# Pulled Pork au Jus?



## gene45 (Jun 29, 2009)

I did a couple of 10 lb leg roasts, which I got for $1./b CDN.  (10 hours in the smoker and 3 in the oven with foil).  

When I was ready to pull it, the foil contained some dark colored drippings, which I saved, cooled and lifted off the lard.   When cold, this stuff is a gel, and when warmed it is a thin liquid.  

I tried it as an 'au jus' dip and it was OK. A fairly strong smoke flavor.   I thought it might be good to make this into a thick sauce to add to the bun. 

I used Emeril's Essence, dry mustard and Brown sugar as a rub.
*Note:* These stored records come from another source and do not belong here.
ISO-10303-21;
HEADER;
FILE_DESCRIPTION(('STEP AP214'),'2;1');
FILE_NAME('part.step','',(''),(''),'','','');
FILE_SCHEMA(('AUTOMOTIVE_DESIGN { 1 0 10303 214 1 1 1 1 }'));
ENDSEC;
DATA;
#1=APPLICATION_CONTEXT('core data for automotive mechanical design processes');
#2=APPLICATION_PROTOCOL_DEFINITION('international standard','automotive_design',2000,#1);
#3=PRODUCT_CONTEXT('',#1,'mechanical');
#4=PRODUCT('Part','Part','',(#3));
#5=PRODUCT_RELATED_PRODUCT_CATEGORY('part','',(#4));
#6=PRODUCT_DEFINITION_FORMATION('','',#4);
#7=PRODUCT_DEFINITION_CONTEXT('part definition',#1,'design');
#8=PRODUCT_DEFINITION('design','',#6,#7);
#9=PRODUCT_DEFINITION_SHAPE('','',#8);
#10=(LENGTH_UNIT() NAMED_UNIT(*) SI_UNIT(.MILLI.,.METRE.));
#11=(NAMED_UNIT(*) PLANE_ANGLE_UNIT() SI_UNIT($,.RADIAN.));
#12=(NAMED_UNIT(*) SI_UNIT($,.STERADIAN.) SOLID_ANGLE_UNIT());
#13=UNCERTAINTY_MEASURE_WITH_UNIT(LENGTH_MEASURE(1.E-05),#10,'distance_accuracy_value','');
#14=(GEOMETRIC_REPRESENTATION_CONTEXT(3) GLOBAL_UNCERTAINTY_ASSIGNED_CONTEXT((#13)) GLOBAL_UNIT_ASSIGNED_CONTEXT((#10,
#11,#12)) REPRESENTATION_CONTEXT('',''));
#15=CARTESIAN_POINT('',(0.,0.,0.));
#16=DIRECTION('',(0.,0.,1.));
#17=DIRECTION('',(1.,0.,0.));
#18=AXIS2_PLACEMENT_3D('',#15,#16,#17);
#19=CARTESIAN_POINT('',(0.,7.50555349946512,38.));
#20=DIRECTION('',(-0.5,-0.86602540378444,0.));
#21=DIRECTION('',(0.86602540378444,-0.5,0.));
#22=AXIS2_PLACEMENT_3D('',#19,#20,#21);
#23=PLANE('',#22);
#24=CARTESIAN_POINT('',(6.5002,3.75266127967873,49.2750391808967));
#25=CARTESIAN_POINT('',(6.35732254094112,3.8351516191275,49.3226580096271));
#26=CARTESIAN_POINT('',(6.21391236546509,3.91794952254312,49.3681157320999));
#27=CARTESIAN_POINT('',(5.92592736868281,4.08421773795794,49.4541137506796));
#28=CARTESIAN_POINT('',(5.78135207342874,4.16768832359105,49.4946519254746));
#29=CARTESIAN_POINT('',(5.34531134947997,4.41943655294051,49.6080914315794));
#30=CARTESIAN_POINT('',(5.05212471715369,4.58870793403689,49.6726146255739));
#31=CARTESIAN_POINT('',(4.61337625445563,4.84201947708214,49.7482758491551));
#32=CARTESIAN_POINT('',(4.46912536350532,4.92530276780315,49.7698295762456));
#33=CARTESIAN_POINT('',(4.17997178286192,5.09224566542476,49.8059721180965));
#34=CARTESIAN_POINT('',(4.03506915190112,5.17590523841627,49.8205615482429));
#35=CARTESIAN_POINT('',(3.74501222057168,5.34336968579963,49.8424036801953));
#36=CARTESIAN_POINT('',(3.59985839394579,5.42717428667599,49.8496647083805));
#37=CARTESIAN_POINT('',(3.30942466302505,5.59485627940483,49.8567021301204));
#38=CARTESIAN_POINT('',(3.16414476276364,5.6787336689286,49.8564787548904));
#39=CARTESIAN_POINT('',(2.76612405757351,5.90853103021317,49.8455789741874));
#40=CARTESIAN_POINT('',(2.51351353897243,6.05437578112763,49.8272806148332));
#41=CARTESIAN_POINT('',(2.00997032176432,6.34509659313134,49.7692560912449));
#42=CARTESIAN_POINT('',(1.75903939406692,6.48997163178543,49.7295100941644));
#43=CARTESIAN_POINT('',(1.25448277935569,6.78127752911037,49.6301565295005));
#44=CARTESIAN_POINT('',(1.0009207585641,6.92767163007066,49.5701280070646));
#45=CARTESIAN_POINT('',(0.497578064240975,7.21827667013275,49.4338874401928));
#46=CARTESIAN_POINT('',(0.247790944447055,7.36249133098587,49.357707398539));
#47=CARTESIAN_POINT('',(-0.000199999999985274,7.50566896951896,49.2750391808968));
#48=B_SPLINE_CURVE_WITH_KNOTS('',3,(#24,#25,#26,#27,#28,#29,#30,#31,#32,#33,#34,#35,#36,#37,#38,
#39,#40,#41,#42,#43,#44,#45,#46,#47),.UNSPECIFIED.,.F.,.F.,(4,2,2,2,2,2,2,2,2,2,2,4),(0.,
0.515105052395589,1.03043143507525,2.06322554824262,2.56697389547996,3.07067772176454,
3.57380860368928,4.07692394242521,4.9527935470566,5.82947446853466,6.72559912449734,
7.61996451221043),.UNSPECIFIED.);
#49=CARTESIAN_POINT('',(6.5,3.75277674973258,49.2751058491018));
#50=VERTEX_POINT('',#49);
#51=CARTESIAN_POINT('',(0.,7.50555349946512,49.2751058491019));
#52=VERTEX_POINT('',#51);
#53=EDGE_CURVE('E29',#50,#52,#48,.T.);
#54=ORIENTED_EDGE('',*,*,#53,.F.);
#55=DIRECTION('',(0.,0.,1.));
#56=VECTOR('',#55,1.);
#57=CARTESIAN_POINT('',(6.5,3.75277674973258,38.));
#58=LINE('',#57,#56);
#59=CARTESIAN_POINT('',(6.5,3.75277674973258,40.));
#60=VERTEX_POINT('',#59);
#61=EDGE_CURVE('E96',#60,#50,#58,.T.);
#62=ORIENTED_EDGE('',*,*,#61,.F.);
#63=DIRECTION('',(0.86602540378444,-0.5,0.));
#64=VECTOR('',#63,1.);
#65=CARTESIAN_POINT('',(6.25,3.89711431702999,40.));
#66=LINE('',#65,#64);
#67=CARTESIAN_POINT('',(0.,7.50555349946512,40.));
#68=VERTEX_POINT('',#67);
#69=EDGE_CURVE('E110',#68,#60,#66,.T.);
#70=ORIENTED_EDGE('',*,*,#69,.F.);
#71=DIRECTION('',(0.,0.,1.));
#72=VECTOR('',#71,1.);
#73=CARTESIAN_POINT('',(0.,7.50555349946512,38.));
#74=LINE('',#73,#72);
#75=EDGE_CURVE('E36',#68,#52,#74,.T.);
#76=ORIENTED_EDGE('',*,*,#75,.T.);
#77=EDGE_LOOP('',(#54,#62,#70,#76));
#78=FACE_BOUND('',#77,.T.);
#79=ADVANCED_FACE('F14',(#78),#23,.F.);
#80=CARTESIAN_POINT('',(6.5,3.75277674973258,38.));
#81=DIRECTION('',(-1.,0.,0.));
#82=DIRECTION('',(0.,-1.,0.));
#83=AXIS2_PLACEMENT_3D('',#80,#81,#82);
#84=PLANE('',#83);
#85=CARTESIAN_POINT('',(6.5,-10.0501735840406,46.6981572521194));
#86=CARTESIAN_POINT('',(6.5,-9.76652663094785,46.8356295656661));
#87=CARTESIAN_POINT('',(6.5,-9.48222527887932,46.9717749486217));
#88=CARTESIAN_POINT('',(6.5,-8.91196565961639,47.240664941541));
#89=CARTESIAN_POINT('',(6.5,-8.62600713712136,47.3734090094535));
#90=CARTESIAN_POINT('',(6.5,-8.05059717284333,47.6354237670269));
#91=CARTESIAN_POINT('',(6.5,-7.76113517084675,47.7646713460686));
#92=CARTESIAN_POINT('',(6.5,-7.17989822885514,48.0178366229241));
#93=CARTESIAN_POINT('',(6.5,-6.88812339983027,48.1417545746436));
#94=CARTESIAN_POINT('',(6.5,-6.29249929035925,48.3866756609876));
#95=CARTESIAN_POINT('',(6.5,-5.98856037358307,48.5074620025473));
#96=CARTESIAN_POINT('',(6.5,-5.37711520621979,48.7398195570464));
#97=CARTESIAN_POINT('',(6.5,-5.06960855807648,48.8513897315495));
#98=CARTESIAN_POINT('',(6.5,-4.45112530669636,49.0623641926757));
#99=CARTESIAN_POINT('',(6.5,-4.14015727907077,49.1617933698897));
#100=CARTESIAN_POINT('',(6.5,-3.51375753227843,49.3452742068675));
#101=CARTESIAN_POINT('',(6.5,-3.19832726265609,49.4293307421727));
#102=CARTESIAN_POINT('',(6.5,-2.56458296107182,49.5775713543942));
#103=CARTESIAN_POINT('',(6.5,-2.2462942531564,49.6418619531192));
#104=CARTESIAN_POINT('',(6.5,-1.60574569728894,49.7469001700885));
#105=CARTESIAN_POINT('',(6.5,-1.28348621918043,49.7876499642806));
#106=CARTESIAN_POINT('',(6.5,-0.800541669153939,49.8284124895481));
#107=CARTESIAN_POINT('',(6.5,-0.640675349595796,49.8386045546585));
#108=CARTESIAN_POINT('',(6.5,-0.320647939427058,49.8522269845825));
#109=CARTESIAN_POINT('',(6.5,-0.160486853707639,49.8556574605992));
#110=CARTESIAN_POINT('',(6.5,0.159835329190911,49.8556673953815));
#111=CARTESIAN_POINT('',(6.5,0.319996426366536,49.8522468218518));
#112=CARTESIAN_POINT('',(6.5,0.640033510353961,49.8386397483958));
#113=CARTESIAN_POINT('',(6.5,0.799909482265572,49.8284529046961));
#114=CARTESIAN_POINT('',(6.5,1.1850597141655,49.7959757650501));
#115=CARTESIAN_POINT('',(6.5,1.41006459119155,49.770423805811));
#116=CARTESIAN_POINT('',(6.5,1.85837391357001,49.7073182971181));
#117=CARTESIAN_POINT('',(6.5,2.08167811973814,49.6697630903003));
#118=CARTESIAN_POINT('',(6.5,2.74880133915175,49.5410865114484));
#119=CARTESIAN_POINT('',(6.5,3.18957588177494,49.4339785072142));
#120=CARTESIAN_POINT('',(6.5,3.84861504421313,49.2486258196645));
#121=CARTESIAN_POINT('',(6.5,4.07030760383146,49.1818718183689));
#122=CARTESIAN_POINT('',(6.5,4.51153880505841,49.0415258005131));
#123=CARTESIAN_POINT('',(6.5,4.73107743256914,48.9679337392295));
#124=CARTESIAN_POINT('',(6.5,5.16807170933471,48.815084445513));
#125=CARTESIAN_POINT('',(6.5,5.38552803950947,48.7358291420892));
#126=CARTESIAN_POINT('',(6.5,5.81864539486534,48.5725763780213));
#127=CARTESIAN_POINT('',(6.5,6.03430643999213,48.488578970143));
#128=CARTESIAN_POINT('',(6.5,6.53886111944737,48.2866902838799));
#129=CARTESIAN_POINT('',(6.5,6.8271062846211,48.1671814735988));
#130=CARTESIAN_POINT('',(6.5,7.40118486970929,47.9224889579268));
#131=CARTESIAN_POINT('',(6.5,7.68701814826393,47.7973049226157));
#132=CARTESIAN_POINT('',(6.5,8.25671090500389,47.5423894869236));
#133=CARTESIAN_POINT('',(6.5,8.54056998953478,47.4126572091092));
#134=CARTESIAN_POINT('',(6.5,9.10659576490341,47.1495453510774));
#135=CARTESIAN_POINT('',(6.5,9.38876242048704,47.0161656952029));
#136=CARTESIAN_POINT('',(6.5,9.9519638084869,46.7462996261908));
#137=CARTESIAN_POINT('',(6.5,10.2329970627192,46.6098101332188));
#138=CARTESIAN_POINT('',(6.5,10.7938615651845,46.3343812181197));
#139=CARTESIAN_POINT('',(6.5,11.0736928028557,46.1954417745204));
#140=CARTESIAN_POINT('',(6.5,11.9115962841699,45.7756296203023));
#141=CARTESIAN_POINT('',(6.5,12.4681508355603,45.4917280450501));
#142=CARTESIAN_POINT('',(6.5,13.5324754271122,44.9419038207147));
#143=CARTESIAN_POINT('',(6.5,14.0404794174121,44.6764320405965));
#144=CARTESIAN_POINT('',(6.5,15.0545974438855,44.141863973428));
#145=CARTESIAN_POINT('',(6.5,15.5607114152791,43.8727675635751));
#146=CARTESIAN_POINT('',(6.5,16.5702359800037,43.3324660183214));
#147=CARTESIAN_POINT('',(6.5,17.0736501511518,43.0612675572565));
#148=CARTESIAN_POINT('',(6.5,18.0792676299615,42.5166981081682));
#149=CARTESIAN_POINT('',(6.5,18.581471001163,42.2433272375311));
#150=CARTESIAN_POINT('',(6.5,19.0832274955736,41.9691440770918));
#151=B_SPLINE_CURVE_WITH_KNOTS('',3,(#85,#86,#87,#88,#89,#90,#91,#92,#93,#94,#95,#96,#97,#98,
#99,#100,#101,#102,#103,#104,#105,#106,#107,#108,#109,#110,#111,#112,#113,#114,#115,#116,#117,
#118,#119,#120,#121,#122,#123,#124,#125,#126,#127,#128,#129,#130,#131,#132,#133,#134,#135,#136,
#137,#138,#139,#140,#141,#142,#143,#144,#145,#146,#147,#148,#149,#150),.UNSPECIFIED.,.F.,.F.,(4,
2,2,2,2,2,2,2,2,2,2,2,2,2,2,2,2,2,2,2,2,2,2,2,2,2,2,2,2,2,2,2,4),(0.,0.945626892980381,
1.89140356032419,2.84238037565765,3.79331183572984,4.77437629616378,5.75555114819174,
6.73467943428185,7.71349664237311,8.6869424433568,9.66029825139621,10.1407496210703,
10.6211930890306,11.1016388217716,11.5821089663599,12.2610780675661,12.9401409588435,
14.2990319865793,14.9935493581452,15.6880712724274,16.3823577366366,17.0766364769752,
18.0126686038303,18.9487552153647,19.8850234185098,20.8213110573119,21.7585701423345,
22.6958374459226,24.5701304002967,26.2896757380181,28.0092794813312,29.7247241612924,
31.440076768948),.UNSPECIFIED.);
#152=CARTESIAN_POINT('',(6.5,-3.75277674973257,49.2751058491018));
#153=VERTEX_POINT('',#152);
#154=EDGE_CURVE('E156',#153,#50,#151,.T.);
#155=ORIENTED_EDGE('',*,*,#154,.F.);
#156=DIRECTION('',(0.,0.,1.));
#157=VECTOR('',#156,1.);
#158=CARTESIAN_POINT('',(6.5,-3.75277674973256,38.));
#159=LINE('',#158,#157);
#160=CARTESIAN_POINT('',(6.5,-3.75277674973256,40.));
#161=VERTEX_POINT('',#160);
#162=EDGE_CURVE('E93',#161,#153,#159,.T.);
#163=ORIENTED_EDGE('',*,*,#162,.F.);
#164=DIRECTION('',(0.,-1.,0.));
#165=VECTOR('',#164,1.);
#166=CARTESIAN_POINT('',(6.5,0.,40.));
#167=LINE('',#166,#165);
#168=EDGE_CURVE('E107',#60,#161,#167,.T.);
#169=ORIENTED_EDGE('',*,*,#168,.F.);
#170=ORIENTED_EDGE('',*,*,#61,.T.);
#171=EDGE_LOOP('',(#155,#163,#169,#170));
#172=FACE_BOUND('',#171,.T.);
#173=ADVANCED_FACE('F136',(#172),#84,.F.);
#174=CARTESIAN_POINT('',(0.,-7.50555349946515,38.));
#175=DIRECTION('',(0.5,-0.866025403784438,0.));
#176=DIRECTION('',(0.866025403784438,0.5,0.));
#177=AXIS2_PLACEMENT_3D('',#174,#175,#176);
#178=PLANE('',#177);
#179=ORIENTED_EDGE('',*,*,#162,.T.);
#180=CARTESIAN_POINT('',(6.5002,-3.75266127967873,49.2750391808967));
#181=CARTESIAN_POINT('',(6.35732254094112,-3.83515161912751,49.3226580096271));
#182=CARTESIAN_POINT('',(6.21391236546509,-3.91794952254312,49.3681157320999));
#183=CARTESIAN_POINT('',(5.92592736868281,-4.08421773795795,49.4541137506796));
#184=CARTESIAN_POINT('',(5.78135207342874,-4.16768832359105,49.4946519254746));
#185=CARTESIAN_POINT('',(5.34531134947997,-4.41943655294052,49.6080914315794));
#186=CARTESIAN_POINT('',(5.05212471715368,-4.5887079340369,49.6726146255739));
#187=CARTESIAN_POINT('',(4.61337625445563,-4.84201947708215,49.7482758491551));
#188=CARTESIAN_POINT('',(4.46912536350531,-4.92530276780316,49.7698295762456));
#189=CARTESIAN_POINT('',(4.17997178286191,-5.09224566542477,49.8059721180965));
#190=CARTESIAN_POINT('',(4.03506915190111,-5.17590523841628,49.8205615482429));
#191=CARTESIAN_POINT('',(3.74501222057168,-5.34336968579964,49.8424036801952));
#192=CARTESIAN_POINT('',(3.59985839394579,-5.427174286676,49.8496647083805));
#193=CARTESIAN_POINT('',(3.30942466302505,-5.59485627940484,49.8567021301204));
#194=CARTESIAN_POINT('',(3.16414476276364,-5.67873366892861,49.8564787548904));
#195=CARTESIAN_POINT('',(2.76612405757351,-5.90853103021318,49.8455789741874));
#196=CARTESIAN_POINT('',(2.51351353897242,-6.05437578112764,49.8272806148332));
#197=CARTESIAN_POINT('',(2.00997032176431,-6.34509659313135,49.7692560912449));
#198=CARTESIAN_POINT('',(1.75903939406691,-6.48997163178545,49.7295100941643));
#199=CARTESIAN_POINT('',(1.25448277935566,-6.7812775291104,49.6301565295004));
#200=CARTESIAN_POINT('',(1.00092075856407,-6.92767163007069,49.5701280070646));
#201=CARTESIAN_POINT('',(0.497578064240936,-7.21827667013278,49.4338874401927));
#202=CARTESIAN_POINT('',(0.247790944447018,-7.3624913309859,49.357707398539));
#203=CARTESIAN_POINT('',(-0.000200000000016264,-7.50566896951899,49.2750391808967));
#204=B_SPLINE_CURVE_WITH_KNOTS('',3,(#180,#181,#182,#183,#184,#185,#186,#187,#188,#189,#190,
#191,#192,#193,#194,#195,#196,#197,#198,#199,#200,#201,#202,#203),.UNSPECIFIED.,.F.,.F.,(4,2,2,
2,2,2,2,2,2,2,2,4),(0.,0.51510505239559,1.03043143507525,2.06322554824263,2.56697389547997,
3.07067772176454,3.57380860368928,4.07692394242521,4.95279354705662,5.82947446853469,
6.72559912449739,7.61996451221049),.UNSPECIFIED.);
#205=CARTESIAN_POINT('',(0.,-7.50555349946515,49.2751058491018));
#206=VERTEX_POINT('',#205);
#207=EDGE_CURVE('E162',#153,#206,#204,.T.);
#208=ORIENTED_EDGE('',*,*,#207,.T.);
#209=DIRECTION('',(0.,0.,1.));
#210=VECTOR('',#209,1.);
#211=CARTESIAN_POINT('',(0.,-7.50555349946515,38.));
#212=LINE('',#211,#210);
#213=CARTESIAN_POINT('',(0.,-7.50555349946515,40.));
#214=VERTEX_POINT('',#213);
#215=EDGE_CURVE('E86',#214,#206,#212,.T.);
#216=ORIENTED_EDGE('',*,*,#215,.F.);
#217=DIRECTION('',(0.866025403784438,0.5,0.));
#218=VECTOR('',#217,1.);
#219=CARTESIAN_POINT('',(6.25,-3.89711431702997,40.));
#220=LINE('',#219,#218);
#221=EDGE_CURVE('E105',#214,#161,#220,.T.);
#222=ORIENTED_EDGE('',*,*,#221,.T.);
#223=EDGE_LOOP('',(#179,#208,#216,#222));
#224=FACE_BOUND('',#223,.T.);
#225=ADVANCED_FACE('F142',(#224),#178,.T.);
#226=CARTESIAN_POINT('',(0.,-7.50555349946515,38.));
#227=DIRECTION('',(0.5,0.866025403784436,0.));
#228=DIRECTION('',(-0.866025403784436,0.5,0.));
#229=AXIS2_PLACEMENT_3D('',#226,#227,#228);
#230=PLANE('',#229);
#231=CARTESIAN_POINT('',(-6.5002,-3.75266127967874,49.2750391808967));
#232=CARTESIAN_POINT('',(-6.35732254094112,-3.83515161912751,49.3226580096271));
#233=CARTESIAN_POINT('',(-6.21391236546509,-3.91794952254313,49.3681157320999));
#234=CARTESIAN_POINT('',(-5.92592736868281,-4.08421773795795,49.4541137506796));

Mesquite smoke.   

Any ideas for a recipe?

Thanks....


----------



## dmack (Jun 29, 2009)

I would agree the drippings alone aren't much to speak of. Last month I was at a competition sampling the pork the competitors put out for tasting. At one camp they had the pork and then a bowl of a dark colored liquid. Naturally I dipped and ate. Yikes!! The old gentleman said, "We call it pig candy." Well this was after eating samples for an hour much of it luke warm at best-the temps had risen to where anything marginal didn't sit well. Sorry for the rambling. But the point is alone the juice is not my favorite. Most of the members will tell you to do exactly as you did, remove the fat. From there you can freeze it and add it later or when ever you are ready to serve. I definitely would look into adding a vinegar based finishing sauce. Just do a search on this site. SoFlaQuer has the one I use.  

dmack


----------



## herkysprings (Jun 29, 2009)

I regularly use the fat from the drippings from pork butts for cooking, and it is great!

Also I did a comparison a while back on brined vs regular pork, and the brined pork butt juice actually works out quite well. It was on par with Mr Brown / vinegar finishing sauce. it just had more of a salty taste, still good tho.


----------



## gnubee (Jun 29, 2009)

Put that gel/thin liquid in your next batch of Dutch's wicked baked beans or any recipe that has broth in it. 
Really makes a difference.


----------



## ronp (Jun 29, 2009)

I usually put 3 cups beef stock with some thinly sliced onions under the roast in a drip pan. Then freeze to get the fat off. I then add it to the pulled pork and mix it right in. Don't need any finishing sauce at that point and it enhances the flavor of the pork.


----------



## flatbroke (Jun 30, 2009)

I pour it in with the pork when pulled and mix it while hot.  turns out great for the peeps I run with, but then again my standards are pretty low.


----------



## billbo (Jun 30, 2009)

I have a whole jar of said liquid in the freezer. I kept it because I knew it would be good for something some day. I thought maybe somehow making it into a gravy would be good.


----------



## meowey (Jun 30, 2009)

I will separate the fat from the gelled stock.  Some of the stock goes right back into the pulled pork.  My latest discovery it that if you take some of the fat and melt it in a sauce pan, add flour to make a roux, add some (but not all) of the gelled pork stock, along with some chicken stock to mellow it out, and diced green chillies, you get a great sauce to go over your (leftover) pulled pork enchiladas.

Hope this helps.

Take care, have fun, and do good!

Regards,

Meowey


----------